Given information:
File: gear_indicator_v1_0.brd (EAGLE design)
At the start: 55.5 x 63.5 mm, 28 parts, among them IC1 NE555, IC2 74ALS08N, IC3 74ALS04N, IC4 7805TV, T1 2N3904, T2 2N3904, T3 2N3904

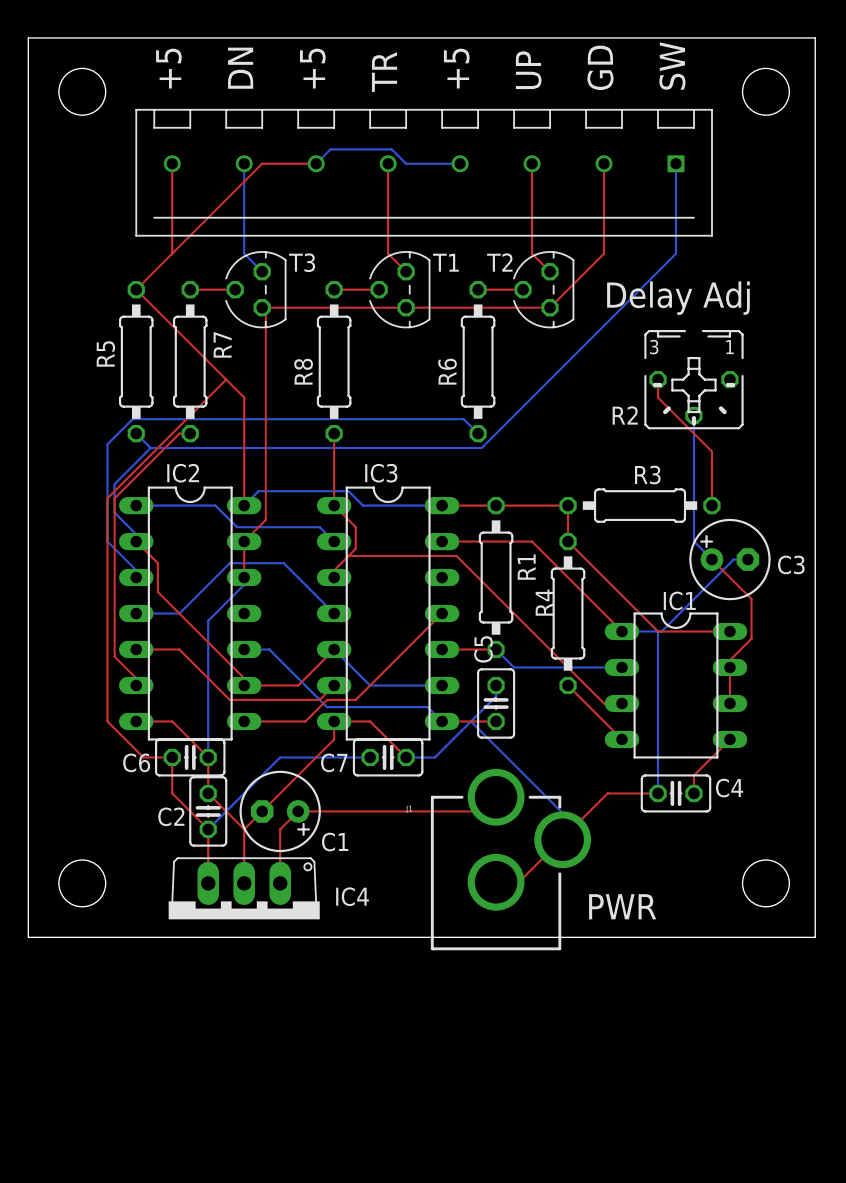
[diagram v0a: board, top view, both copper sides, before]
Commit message: Fixed tie to ground for unused logic gates Added low pass filter on switch input
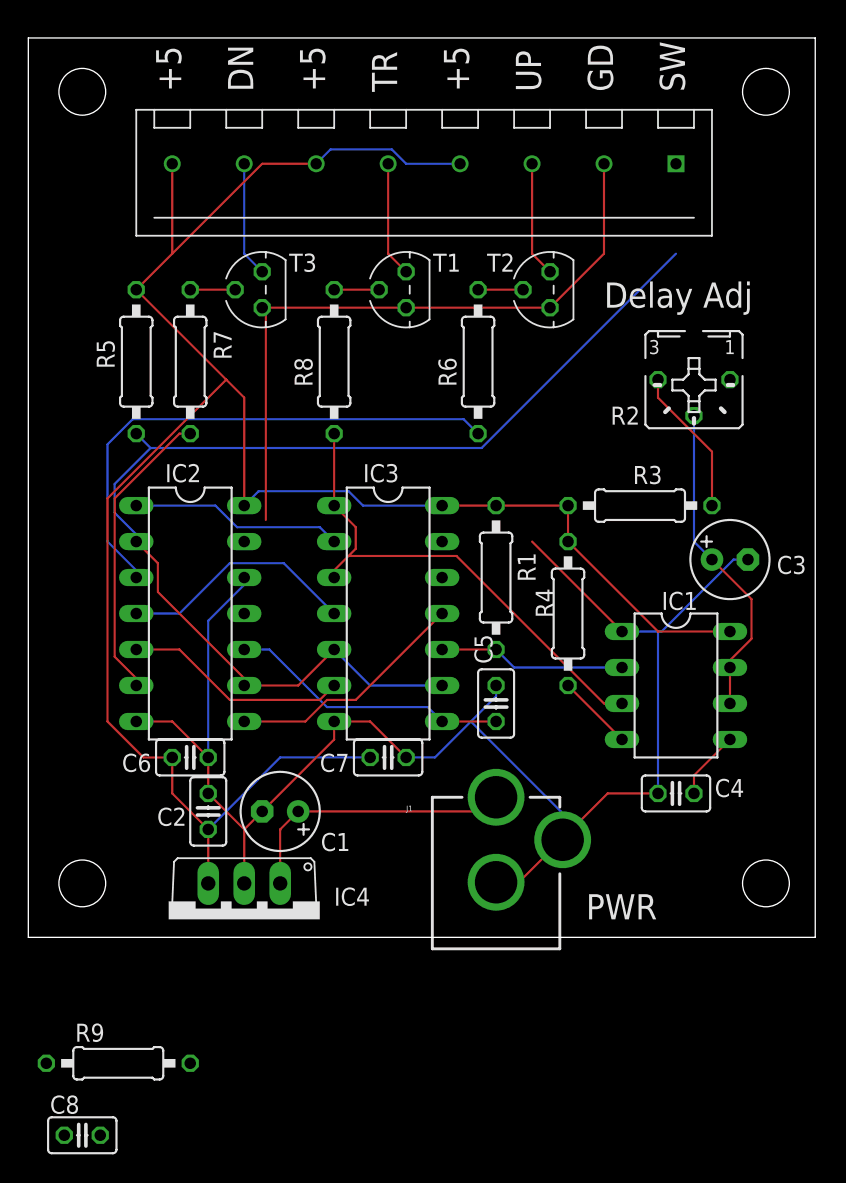
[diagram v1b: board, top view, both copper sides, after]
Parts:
- added C8: 0.1, resistor:C025-025X050
- added R9: 1K, resistor:0207/10
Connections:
- new net N$17: J2.1, R9.1
- net GND: now also C8.2, IC2.11, IC3.12; no longer IC2.12, IC2.13, IC3.13
- net SWITCH: now also C8.1, R9.2; no longer J2.1
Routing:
- net GND: track 169.8 -> 158.2 mm
- net SWITCH: track 88.2 -> 81.9 mm
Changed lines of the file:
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@@
 <attribute name="VALUE" x="23.114" y="9.906" size="1.27" layer="27" ratio="10"/>
 </element>
+<element name="R9" library="resistor" package="0207/10" value="1K" x="6.35" y="-8.89"/>
+<element name="C8" library="resistor" package="C025-025X050" value="0.1" x="3.81" y="-13.97"/>
 </elements>
 <signals>
@@
 <contactref element="C4" pad="2"/>
 <contactref element="C5" pad="2"/>
-<contactref element="IC3" pad="13"/>
-<contactref element="IC2" pad="13"/>
-<contactref element="IC2" pad="12"/>
 <contactref element="J1" pad="GND"/>
 <contactref element="J1" pad="GNDBREAK"/>
@@
 <wire x1="33.02" y1="4.064" x2="33.02" y2="3.89" width="0.1524" layer="1"/>
 <wire x1="37.592" y1="6.858" x2="37.72" y2="6.89" width="0.1524" layer="1"/>
-<wire x1="35.56" y1="27.94" x2="29.21" y2="27.94" width="0.1524" layer="1"/>
 <wire x1="41.91" y1="21.59" x2="35.56" y2="27.94" width="0.1524" layer="1"/>
 <wire x1="49.784" y1="26.67" x2="50.8" y2="26.67" width="0.1524" layer="16"/>
@@
 <wire x1="15.24" y1="7.62" x2="15.24" y2="3.81" width="0.1524" layer="1"/>
 <wire x1="16.51" y1="8.89" x2="15.24" y2="7.62" width="0.1524" layer="1"/>
-<wire x1="15.24" y1="27.94" x2="15.24" y2="25.4" width="0.1524" layer="1"/>
 <wire x1="12.7" y1="12.7" x2="12.7" y2="10.16" width="0.1524" layer="1"/>
 <wire x1="10.16" y1="15.24" x2="7.62" y2="15.24" width="0.1524" layer="1"/>
 <wire x1="12.7" y1="12.7" x2="10.16" y2="15.24" width="0.1524" layer="1"/>
-<wire x1="15.24" y1="24.892" x2="15.24" y2="25.4" width="0.1524" layer="16"/>
 <wire x1="12.7" y1="22.352" x2="15.24" y2="24.892" width="0.1524" layer="16"/>
 <wire x1="12.7" y1="12.7" x2="12.7" y2="22.352" width="0.1524" layer="16"/>
@@
 <wire x1="16.51" y1="8.89" x2="21.59" y2="13.97" width="0.1524" layer="1"/>
 <wire x1="16.764" y1="29.464" x2="16.764" y2="44.45" width="0.1524" layer="1"/>
-<wire x1="15.24" y1="27.94" x2="16.764" y2="29.464" width="0.1524" layer="1"/>
 <wire x1="16.764" y1="44.45" x2="16.51" y2="44.45" width="0.1524" layer="1"/>
 <wire x1="37.592" y1="8.89" x2="37.592" y2="7.112" width="0.1524" layer="16"/>
 <wire x1="31.242" y1="15.24" x2="37.592" y2="8.89" width="0.1524" layer="16"/>
 <wire x1="37.592" y1="7.112" x2="37.72" y2="6.89" width="0.1524" layer="16"/>
+<contactref element="IC2" pad="11"/>
+<contactref element="IC3" pad="12"/>
+<contactref element="C8" pad="2"/>
+<wire x1="35.56" y1="27.94" x2="29.21" y2="25.4" width="0" layer="19" extent="1-1"/>
+<wire x1="15.24" y1="22.86" x2="15.24" y2="24.892" width="0" layer="19" extent="16-16"/>
+<wire x1="16.764" y1="29.464" x2="15.24" y2="24.892" width="0" layer="19" extent="1-16"/>
+<wire x1="5.08" y1="-13.97" x2="15.24" y2="3.81" width="0" layer="19" extent="1-1"/>
 </signal>
 <signal name="N$2">
@@
 <contactref element="IC3" pad="9"/>
 <contactref element="IC2" pad="9"/>
-<contactref element="J2" pad="1"/>
 <wire x1="19.05" y1="17.78" x2="15.24" y2="17.78" width="0.1524" layer="1"/>
 <wire x1="21.59" y1="20.32" x2="19.05" y2="17.78" width="0.1524" layer="1"/>
 <wire x1="24.13" y1="17.78" x2="29.21" y2="17.78" width="0.1524" layer="16"/>
 <wire x1="21.59" y1="20.32" x2="24.13" y2="17.78" width="0.1524" layer="16"/>
-<wire x1="45.72" y1="48.26" x2="45.72" y2="54.61" width="0.1524" layer="16"/>
 <wire x1="32.004" y1="34.544" x2="45.72" y2="48.26" width="0.1524" layer="16"/>
 <wire x1="8.636" y1="34.544" x2="32.004" y2="34.544" width="0.1524" layer="16"/>
@@
 <wire x1="9.144" y1="26.416" x2="9.144" y2="24.384" width="0.1524" layer="1"/>
 <wire x1="7.62" y1="27.94" x2="9.144" y2="26.416" width="0.1524" layer="1"/>
+<contactref element="R9" pad="2"/>
+<contactref element="C8" pad="1"/>
+<wire x1="11.43" y1="-8.89" x2="15.24" y2="17.78" width="0" layer="19" extent="1-1"/>
+<wire x1="2.54" y1="-13.97" x2="11.43" y2="-8.89" width="0" layer="19" extent="1-1"/>
 </signal>
 <signal name="N$8">
@@
 <wire x1="16.51" y1="46.99" x2="15.24" y2="48.26" width="0.1524" layer="16"/>
 </signal>
+<signal name="N$17">
+<contactref element="J2" pad="1"/>
+<contactref element="R9" pad="1"/>
+<wire x1="1.27" y1="-8.89" x2="45.72" y2="54.61" width="0" layer="19" extent="1-1"/>
+</signal>
 </signals>
-<errors>
-</errors>
 </board>
 </drawing>

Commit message: layout tweaks
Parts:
- added LED1: Power, dp_devices:LED-3MM
- added R10: 220, resistor:0207/7
- C3: device rcl:E2,5-6 -> rcl:E3,5-10
- R1, R3, R4, R5, R6, R7, R8, R9: device resistor:0207/10 -> resistor:0207/7
- moved R9 74.4 mm to (50.8, 50.8), turned to 270 degrees
- moved C8 71.9 mm to (41.9, 47.0), turned to 180 degrees
- moved C7 23.2 mm to (29.2, 35.6), turned to 90 degrees
- moved C6 23.2 mm to (15.2, 35.6), turned to 90 degrees
- moved J1 8.91 mm to (41.9, -3.17)
- moved C3 8.52 mm to (41.9, 30.5), turned to 180 degrees
- moved R3 8.52 mm to (39.4, 38.1)
- moved C4 6.35 mm to (50.8, 14.0), turned to 270 degrees
- moved R4 3.59 mm to (35.6, 25.4)
- moved IC1 2.84 mm to (43.2, 19.1)
- moved R2 2.84 mm to (49.5, 38.1)
- moved C2 1.42 mm to (11.4, 8.26), turned to 180 degrees
- moved T1 1.27 mm to (25.4, 45.7)
- moved T3 1.27 mm to (15.2, 45.7)
- moved C1 1.27 mm to (17.8, 10.2), turned to 90 degrees
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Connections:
- new net N$16: LED1.K, R10.2
- net GND: now also R10.1
- net VCC: now also LED1.A
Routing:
- net GND: track 158.2 -> 0.00 mm
- net VCC: track 149.1 -> 186.9 mm
- net N$12: track 20.1 -> 32.0 mm
- net SWITCH: track 81.9 -> 92.2 mm
- net N$2: track 22.6 -> 30.4 mm
- net OUT: track 35.0 -> 42.5 mm
- net N$1: track 10.5 -> 3.81 mm
- net N$16: track 0.00 -> 5.61 mm
- net N$17: track 0.00 -> 5.08 mm
- net N$9: track 21.1 -> 25.8 mm
- net N$3: track 5.39 -> 8.67 mm
- net N$6: track 16.9 -> 15.0 mm
- net TRG: track 13.2 -> 11.4 mm
- net N$13: track 3.18 -> 1.91 mm
- net N$10: track 3.18 -> 1.91 mm
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- added copper zone on layer 16, net GND

Problem to work on:
Transcribe exactly the lines that run from the first line of the records above through the line with "- added R9: 1K, resistor:0207/10", and include both of those lines; pictures stay out.

Solved exercise:
File: gear_indicator_v1_0.brd (EAGLE design)
At the start: 55.5 x 63.5 mm, 28 parts, among them IC1 NE555, IC2 74ALS08N, IC3 74ALS04N, IC4 7805TV, T1 2N3904, T2 2N3904, T3 2N3904

[diagram v0a: board, top view, both copper sides, before]
Commit message: Fixed tie to ground for unused logic gates Added low pass filter on switch input
[diagram v1b: board, top view, both copper sides, after]
Parts:
- added C8: 0.1, resistor:C025-025X050
- added R9: 1K, resistor:0207/10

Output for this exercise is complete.